Hackers steal money from cards through the Uber and VTB applications

A resident of Russia Anna Kozlova, resting in Spain, lost 14 thousand rubles ($220). The was stolen from her Bank card through the Bank’s mobile app and Uber.

At first, the woman was charged 2 rubles from the card, it looked like a standard check of the solvency of Uber customer, especially since the money immediately returned to the account.

However, immediately after this, 2829 rubles were debited from the card. The app’s notification said it was Uber service fee that Anna hadn’t actually used since she was sleeping.

Then notifications, according to the tourist, began to come one after another. After 22 minutes, when she woke up, the girl blocked her card, but by that time the cost of four more trips that she had not made was debited from the card.

Unknown stole from Kozlova 14 118 rubles and did not stop trying to withdraw money from her account even after blocking the card. It is curious that all write-offs were allegedly made by the international service Uber, which in Russia was merged with Yandex.Taxi.

When Anna contacted the support team of this company, the staff could not give her information about the write-offs. The VTB support service clarified that the last write-offs were made from Moscow, and then Anna appealed to Uber Russia.

The Russian company Kozlova explained that if she did not use a taxi, it means that someone received the data of her Bankcard, including CCV code, and used it for payment.
Kaspersky Lab experts explained that fraud schemes through taxi services are no longer uncommon.
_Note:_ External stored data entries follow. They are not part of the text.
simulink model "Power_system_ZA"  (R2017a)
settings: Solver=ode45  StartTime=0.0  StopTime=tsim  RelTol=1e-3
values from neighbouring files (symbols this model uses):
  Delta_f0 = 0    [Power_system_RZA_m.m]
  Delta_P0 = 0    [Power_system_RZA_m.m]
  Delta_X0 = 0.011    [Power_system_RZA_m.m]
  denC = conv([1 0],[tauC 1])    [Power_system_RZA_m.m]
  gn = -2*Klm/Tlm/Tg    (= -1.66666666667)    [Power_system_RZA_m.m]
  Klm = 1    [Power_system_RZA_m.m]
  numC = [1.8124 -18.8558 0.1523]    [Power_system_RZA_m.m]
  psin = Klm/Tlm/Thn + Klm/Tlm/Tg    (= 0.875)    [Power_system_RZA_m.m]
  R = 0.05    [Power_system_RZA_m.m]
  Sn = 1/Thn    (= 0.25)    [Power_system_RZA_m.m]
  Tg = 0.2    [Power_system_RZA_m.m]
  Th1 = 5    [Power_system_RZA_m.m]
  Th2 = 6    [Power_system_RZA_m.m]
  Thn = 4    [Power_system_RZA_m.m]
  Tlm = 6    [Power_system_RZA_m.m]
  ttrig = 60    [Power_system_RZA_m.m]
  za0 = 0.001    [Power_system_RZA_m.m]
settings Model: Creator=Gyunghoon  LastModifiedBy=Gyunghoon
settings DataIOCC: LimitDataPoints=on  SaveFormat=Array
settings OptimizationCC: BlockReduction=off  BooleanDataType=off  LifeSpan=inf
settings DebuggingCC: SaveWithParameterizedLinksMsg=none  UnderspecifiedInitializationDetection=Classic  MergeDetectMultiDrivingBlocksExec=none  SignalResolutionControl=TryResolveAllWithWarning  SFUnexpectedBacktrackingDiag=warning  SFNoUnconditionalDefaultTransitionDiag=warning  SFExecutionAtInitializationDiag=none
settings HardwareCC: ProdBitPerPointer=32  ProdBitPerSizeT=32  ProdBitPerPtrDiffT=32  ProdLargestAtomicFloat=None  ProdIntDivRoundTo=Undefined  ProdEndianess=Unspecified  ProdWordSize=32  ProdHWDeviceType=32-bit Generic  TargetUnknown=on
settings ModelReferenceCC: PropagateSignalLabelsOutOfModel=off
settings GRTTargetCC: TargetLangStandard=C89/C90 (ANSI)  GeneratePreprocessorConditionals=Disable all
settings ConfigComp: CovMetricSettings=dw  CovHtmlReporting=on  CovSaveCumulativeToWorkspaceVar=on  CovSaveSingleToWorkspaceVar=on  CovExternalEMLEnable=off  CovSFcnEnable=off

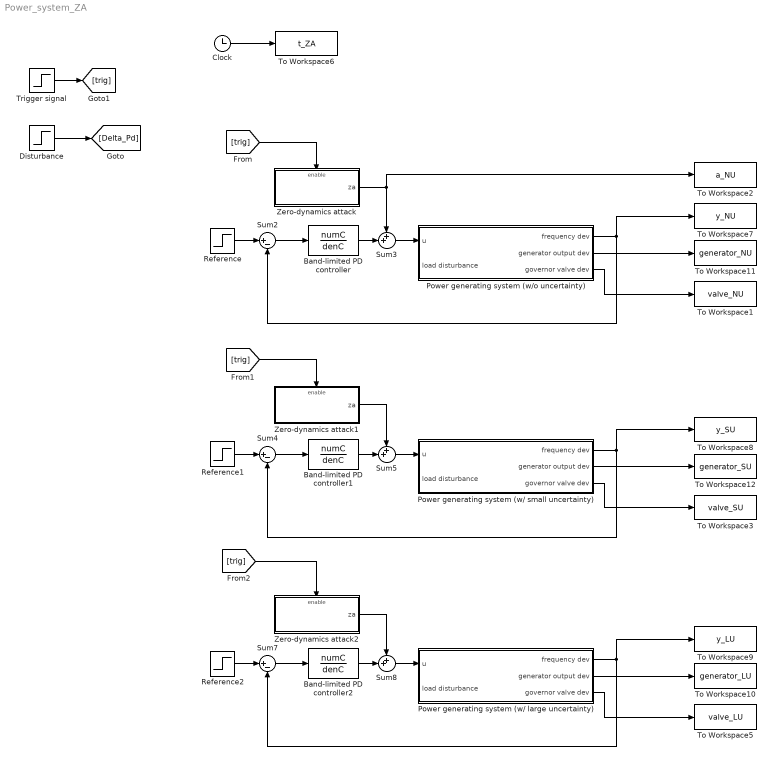
== system Power_system_ZA ==
  Band-limited PD controller : TransferFcn  Numerator=numC  Denominator=denC
  Band-limited PD controller1 : TransferFcn  Numerator=numC  Denominator=denC
  Band-limited PD controller2 : TransferFcn  Numerator=numC  Denominator=denC
  Clock : Clock
  Disturbance : Step  Time=0  After=0  SampleTime=0
  Power generating system (w/ large uncertainty) : Subsystem
  Power generating system (w/ small uncertainty) : Subsystem
  Power generating system (w/o uncertainty) : Subsystem
  Reference : Step  Time=0  After=0  SampleTime=0
  Reference1 : Step  Time=0  After=0  SampleTime=0
  Reference2 : Step  Time=0  After=0  SampleTime=0
  Sum2 : Sum  Inputs=|+-
  Sum3 : Sum  Inputs=++|
  Sum4 : Sum  Inputs=|+-
  Sum5 : Sum  Inputs=++|
  Sum7 : Sum  Inputs=|+-
  Sum8 : Sum  Inputs=++|
  To Workspace1 : ToWorkspace  VariableName=valve_NU  SampleTime=-1
  To Workspace10 : ToWorkspace  VariableName=generator_LU  SampleTime=-1
  To Workspace11 : ToWorkspace  VariableName=generator_NU  SampleTime=-1
  To Workspace12 : ToWorkspace  VariableName=generator_SU  SampleTime=-1
  To Workspace2 : ToWorkspace  VariableName=a_NU  SampleTime=-1
  To Workspace3 : ToWorkspace  VariableName=valve_SU  SampleTime=-1
  To Workspace5 : ToWorkspace  VariableName=valve_LU  SampleTime=-1
  To Workspace6 : ToWorkspace  VariableName=t_ZA  SampleTime=-1
  To Workspace7 : ToWorkspace  VariableName=y_NU  SampleTime=-1
  To Workspace8 : ToWorkspace  VariableName=y_SU  SampleTime=-1
  To Workspace9 : ToWorkspace  VariableName=y_LU  SampleTime=-1
  Trigger signal : Step  Time=ttrig  SampleTime=0
  Zero-dynamics attack : Subsystem  TreatAsAtomicUnit=on
  Zero-dynamics attack1 : Subsystem  TreatAsAtomicUnit=on
  Zero-dynamics attack2 : Subsystem  TreatAsAtomicUnit=on
  wires:
  Disturbance/1 -> [Delta_Pd]
  Power generating system (w/o uncertainty)/1(frequency dev) -> Sum2/2, To Workspace7/1
  Sum2/1 -> Band-limited PD controller/1
  Reference/1 -> Sum2/1
  Band-limited PD controller/1 -> Sum3/2
  Sum3/1 -> Power generating system (w/o uncertainty)/1(u)
  Zero-dynamics attack/1(za) -> To Workspace2/1, Sum3/1
  Power generating system (w/ small uncertainty)/1(frequency dev) -> Sum4/2, To Workspace8/1
  Sum4/1 -> Band-limited PD controller1/1
  Reference1/1 -> Sum4/1
  Band-limited PD controller1/1 -> Sum5/2
  Sum5/1 -> Power generating system (w/ small uncertainty)/1(u)
  Zero-dynamics attack1/1(za) -> Sum5/1
  Power generating system (w/ large uncertainty)/1(frequency dev) -> Sum7/2, To Workspace9/1
  Sum7/1 -> Band-limited PD controller2/1
  Reference2/1 -> Sum7/1
  Band-limited PD controller2/1 -> Sum8/2
  Sum8/1 -> Power generating system (w/ large uncertainty)/1(u)
  Zero-dynamics attack2/1(za) -> Sum8/1
  Power generating system (w/o uncertainty)/3(governor valve dev) -> To Workspace1/1
  Power generating system (w/ small uncertainty)/3(governor valve dev) -> To Workspace3/1
  Power generating system (w/ large uncertainty)/3(governor valve dev) -> To Workspace5/1
  Clock/1 -> To Workspace6/1
  Trigger signal/1 -> [trig]
  [trig] -> Zero-dynamics attack/Enable
  [trig] -> Zero-dynamics attack1/Enable
  [trig] -> Zero-dynamics attack2/Enable
  Power generating system (w/ large uncertainty)/2(generator output dev) -> To Workspace10/1
  Power generating system (w/o uncertainty)/2(generator output dev) -> To Workspace11/1
  Power generating system (w/ small uncertainty)/2(generator output dev) -> To Workspace12/1

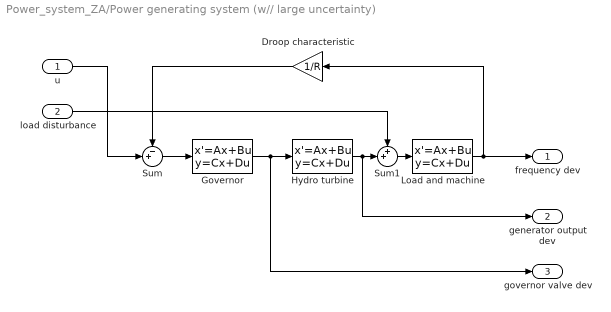
== system Power_system_ZA/Power generating system (w// large uncertainty) ==
  u : Inport
  load disturbance : Inport  Port=2
  Droop characteristic : Gain  Gain=1/R
  Governor : StateSpace  A=-1/Tg  B=1/Tg  D=0  X0=Delta_X0
  Hydro turbine : StateSpace  A=-2/Th2  B=6/Th2  D=-2  X0=Delta_P0+2*Delta_X0
  Load and machine : StateSpace  A=-1/Tlm  B=Klm/Tlm  D=0  X0=Delta_f0
  Sum : Sum  Inputs=-+|
  Sum1 : Sum  Inputs=++|
  frequency dev : Outport
  generator output dev : Outport  Port=2
  governor valve dev : Outport  Port=3
  wires:
  u/1 -> Sum/2
  Droop characteristic/1 -> Sum/1
  Load and machine/1 -> Droop characteristic/1, frequency dev/1
  Hydro turbine/1 -> generator output dev/1, Sum1/2
  Sum/1 -> Governor/1
  Governor/1 -> Hydro turbine/1, governor valve dev/1
  Sum1/1 -> Load and machine/1
  load disturbance/1 -> Sum1/1

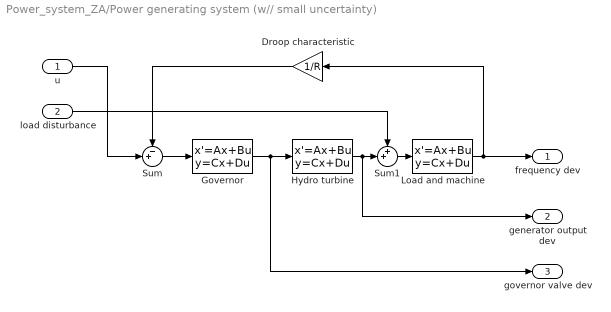
== system Power_system_ZA/Power generating system (w// small uncertainty) ==
  u : Inport
  load disturbance : Inport  Port=2
  Droop characteristic : Gain  Gain=1/R
  Governor : StateSpace  A=-1/Tg  B=1/Tg  D=0  X0=Delta_X0
  Hydro turbine : StateSpace  A=-2/Th1  B=6/Th1  D=-2  X0=Delta_P0+2*Delta_X0
  Load and machine : StateSpace  A=-1/Tlm  B=Klm/Tlm  D=0  X0=Delta_f0
  Sum : Sum  Inputs=-+|
  Sum1 : Sum  Inputs=++|
  frequency dev : Outport
  generator output dev : Outport  Port=2
  governor valve dev : Outport  Port=3
  wires:
  u/1 -> Sum/2
  Droop characteristic/1 -> Sum/1
  Load and machine/1 -> Droop characteristic/1, frequency dev/1
  Hydro turbine/1 -> generator output dev/1, Sum1/2
  Sum/1 -> Governor/1
  Governor/1 -> Hydro turbine/1, governor valve dev/1
  Sum1/1 -> Load and machine/1
  load disturbance/1 -> Sum1/1

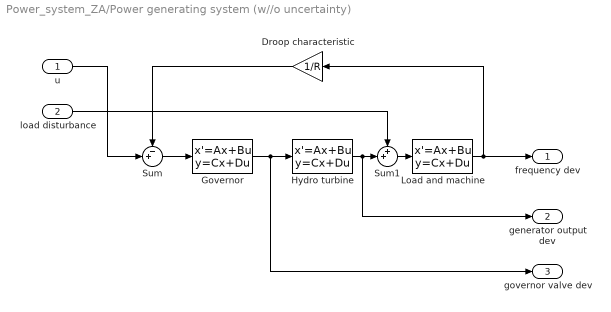
== system Power_system_ZA/Power generating system (w//o uncertainty) ==
  u : Inport
  load disturbance : Inport  Port=2
  Droop characteristic : Gain  Gain=1/R
  Governor : StateSpace  A=-1/Tg  B=1/Tg  D=0  X0=Delta_X0
  Hydro turbine : StateSpace  A=-2/Thn  B=6/Thn  D=-2  X0=Delta_P0+2*Delta_X0
  Load and machine : StateSpace  A=-1/Tlm  B=Klm/Tlm  D=0  X0=Delta_f0
  Sum : Sum  Inputs=-+|
  Sum1 : Sum  Inputs=++|
  frequency dev : Outport
  generator output dev : Outport  Port=2
  governor valve dev : Outport  Port=3
  wires:
  u/1 -> Sum/2
  Droop characteristic/1 -> Sum/1
  Load and machine/1 -> Droop characteristic/1, frequency dev/1
  Hydro turbine/1 -> generator output dev/1, Sum1/2
  Sum/1 -> Governor/1
  Governor/1 -> Hydro turbine/1, governor valve dev/1
  Sum1/1 -> Load and machine/1
  load disturbance/1 -> Sum1/1

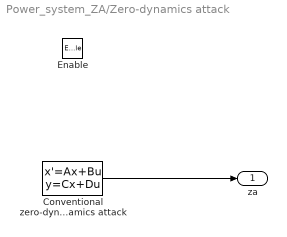
== system Power_system_ZA/Zero-dynamics attack ==
  Enable : EnablePort  PropagateVarSize=During execution
  Conventional zero-dynamics attack : StateSpace  A=Sn  B=0  C=-(1/gn)*psin  D=0  X0=za0
  za : Outport  OutputWhenDisabled=reset  InitialOutput=0
  wires:
  Conventional zero-dynamics attack/1 -> za/1

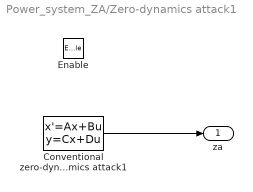
== system Power_system_ZA/Zero-dynamics attack1 ==
  Enable : EnablePort  PropagateVarSize=During execution
  Conventional zero-dynamics attack1 : StateSpace  A=Sn  B=0  C=-(1/gn)*psin  D=0  X0=za0
  za : Outport  OutputWhenDisabled=reset  InitialOutput=0
  wires:
  Conventional zero-dynamics attack1/1 -> za/1

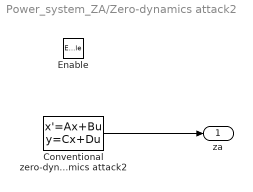
== system Power_system_ZA/Zero-dynamics attack2 ==
  Enable : EnablePort  PropagateVarSize=During execution
  Conventional zero-dynamics attack2 : StateSpace  A=Sn  B=0  C=-(1/gn)*psin  D=0  X0=za0
  za : Outport  OutputWhenDisabled=reset  InitialOutput=0
  wires:
  Conventional zero-dynamics attack2/1 -> za/1

According to them, there are channels in the messengers where you can order a taxi at a great discount. The scheme looks something like this: the passenger sends a message to such a channel indicating the details of the trip, and the attacker calls a taxi using the stolen account.

After completing the trip, the driver receives money from the owner of the stolen account, and the passenger transfers the money directly to the attacker. In order to remain unnoticed for as long as possible, attackers can track the owner of a hacked account on social networks and organize such trips at night when it is likely that a person is sleeping, or during the victim’s travel abroad.